La résilience, va plus loin que le développement durable. Elle inclut la dimension locale des échanges, des circuits et des relations. Mais ce n’est pas non plus l’autosuffisance, il faut rester ouvert au monde et garder la « trame » de nos sociétés évoluées.

Les trois critères d’un système résilient :

  • diversité : diversité des gens, de leurs fonctions, des types de réponses à des changements, des ressources, etc. Le nombre de liens qui les relient est aussi important.
  • modularité : chaque élément de la société peut continuer à fonctionner en cas de choc grave touchant le tout.
  • Réactivité : plus les liens sont courts, plus la réactivité est forte.

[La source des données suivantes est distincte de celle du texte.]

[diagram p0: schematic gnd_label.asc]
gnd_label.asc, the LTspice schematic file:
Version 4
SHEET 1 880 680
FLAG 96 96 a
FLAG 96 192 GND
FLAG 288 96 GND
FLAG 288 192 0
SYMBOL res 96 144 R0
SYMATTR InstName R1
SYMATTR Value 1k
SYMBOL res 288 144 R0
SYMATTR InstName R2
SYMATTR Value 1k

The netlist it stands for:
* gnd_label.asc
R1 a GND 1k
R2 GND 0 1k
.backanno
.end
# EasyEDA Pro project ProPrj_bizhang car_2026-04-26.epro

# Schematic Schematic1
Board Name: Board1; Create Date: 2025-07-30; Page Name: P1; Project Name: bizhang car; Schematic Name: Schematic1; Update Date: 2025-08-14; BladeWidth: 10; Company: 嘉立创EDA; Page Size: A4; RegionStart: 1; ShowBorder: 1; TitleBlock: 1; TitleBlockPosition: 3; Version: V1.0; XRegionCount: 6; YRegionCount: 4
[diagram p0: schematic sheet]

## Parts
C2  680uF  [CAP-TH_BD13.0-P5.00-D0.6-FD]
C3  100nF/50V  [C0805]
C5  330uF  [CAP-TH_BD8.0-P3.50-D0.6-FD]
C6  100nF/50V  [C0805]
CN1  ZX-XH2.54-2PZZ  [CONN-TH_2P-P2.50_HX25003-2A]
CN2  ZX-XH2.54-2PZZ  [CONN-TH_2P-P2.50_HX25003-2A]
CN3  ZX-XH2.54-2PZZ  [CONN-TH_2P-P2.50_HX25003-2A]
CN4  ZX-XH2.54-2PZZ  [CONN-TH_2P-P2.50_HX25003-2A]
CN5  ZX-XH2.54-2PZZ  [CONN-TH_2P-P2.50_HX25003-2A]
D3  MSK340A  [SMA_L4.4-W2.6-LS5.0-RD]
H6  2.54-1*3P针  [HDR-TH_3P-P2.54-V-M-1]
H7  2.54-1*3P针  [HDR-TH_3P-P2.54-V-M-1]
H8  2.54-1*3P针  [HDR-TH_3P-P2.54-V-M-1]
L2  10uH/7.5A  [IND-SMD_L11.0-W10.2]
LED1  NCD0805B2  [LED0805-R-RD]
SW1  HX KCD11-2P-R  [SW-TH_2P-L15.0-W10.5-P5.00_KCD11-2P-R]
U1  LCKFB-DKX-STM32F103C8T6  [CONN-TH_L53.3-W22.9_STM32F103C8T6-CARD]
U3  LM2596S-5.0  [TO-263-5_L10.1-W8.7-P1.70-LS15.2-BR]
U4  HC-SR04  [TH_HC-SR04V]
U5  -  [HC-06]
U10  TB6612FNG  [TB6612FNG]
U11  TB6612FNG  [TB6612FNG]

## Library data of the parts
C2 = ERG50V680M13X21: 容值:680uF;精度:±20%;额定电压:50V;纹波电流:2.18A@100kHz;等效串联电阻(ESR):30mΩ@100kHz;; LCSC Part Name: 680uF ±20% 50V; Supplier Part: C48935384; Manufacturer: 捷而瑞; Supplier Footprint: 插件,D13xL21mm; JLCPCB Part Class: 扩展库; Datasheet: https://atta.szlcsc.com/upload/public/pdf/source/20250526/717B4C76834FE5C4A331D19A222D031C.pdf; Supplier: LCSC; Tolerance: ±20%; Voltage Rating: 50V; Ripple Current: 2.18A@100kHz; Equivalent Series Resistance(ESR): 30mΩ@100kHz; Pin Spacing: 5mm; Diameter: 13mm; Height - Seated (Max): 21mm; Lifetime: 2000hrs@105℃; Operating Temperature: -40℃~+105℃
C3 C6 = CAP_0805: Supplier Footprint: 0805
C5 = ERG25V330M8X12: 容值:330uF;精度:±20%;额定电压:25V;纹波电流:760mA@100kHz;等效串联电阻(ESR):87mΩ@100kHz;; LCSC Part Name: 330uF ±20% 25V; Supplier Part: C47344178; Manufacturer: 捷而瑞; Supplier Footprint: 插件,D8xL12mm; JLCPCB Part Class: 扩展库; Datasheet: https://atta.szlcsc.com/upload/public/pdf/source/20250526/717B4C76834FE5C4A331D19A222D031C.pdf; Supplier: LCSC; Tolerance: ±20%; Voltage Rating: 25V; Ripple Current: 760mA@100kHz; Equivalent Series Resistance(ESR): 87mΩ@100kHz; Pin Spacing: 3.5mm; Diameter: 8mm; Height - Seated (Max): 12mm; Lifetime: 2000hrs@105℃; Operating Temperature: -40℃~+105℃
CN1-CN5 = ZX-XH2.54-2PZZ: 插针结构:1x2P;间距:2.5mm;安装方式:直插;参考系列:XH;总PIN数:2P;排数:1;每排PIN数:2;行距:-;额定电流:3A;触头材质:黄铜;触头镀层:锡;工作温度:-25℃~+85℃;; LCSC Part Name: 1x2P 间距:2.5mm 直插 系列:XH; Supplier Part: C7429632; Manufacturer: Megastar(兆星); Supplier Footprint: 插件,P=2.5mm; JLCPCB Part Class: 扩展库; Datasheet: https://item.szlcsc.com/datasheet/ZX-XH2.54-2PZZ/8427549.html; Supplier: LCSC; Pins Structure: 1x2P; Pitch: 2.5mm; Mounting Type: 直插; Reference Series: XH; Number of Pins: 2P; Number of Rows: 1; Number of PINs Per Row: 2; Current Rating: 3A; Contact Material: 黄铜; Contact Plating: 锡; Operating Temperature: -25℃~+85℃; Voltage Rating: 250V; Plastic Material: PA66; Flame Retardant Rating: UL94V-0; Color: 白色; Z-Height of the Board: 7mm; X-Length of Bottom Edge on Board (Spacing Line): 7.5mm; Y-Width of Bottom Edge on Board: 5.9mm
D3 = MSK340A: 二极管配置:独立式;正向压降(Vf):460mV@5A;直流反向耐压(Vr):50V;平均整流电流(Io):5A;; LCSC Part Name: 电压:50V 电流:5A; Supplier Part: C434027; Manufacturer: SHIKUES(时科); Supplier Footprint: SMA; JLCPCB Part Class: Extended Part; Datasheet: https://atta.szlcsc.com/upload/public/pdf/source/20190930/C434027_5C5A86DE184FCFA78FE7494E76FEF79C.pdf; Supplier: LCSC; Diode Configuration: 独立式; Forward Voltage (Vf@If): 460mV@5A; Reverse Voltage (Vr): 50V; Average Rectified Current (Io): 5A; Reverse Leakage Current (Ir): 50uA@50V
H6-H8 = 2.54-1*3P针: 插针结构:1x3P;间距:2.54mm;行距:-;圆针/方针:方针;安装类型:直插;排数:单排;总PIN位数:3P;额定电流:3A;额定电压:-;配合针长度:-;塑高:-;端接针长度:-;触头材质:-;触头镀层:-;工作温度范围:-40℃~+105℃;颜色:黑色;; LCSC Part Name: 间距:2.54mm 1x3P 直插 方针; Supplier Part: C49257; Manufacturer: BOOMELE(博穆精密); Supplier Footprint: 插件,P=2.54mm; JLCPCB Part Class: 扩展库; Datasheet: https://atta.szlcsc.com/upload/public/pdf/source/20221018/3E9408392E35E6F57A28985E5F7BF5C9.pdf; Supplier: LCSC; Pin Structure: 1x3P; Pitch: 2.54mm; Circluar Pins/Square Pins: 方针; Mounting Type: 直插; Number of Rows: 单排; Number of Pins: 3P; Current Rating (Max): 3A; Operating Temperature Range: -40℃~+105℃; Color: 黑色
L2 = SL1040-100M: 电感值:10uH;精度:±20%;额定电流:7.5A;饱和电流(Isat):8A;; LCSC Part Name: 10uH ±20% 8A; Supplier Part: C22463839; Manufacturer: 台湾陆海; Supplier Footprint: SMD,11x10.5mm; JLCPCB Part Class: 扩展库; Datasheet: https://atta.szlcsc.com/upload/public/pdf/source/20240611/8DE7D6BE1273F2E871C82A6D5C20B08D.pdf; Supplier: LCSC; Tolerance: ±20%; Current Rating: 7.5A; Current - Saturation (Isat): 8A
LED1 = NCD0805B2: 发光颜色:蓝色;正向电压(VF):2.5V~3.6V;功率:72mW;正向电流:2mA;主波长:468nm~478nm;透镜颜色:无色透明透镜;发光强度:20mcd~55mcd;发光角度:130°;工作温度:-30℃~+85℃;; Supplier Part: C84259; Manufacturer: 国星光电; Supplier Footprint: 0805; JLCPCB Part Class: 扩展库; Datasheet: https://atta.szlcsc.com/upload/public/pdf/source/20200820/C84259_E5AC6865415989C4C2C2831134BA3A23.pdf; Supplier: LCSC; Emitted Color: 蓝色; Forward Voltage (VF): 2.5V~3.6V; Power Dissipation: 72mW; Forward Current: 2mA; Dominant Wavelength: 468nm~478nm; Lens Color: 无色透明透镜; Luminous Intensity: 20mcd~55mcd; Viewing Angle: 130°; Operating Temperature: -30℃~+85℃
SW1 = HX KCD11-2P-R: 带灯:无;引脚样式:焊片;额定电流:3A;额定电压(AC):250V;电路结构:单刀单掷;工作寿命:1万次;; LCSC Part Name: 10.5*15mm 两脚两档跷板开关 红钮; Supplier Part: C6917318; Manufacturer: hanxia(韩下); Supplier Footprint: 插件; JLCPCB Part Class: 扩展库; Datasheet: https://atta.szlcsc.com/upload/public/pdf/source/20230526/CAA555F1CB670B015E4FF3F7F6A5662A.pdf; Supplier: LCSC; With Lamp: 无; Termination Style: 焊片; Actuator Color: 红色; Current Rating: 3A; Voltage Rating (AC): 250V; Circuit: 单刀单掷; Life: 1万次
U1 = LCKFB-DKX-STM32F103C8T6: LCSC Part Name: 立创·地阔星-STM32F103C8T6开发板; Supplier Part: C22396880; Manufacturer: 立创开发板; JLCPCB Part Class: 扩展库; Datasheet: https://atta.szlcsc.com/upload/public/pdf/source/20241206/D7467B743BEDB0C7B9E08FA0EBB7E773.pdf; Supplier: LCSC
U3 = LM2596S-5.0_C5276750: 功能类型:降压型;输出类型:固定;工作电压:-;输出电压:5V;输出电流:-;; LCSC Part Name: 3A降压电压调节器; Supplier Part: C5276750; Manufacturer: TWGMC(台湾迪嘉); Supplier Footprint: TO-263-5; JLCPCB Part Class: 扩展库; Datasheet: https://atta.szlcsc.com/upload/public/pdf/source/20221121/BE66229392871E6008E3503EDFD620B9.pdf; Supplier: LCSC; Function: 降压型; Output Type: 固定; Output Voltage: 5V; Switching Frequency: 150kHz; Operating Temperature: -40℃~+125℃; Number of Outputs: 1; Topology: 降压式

Nos sociétés ont une réactivité faible et sont moins résiliente que celles de 1940. La vie avant le pétrole n’était pas pour autant si mauvaise. Notre manque de résilience est souvent liée à la place trop importante qu’a pris le pétrole. Il risque d’être trop tard quand les gouvernements réaliseront les conséquence du pic pétrolier (voir le rapport Hirsch).

Comment pouvons-nous gagner en résilience ?

Face à ce défit il est crucial d’avoir une vision positive. Une vision catastrophique nous laisse sans espoir et ne permet pas de convaincre. Le pic est une occasion extraordinaire de réinventer le monde fondé sur plus d’écologie, de justice et de solidarité, moins de destructions.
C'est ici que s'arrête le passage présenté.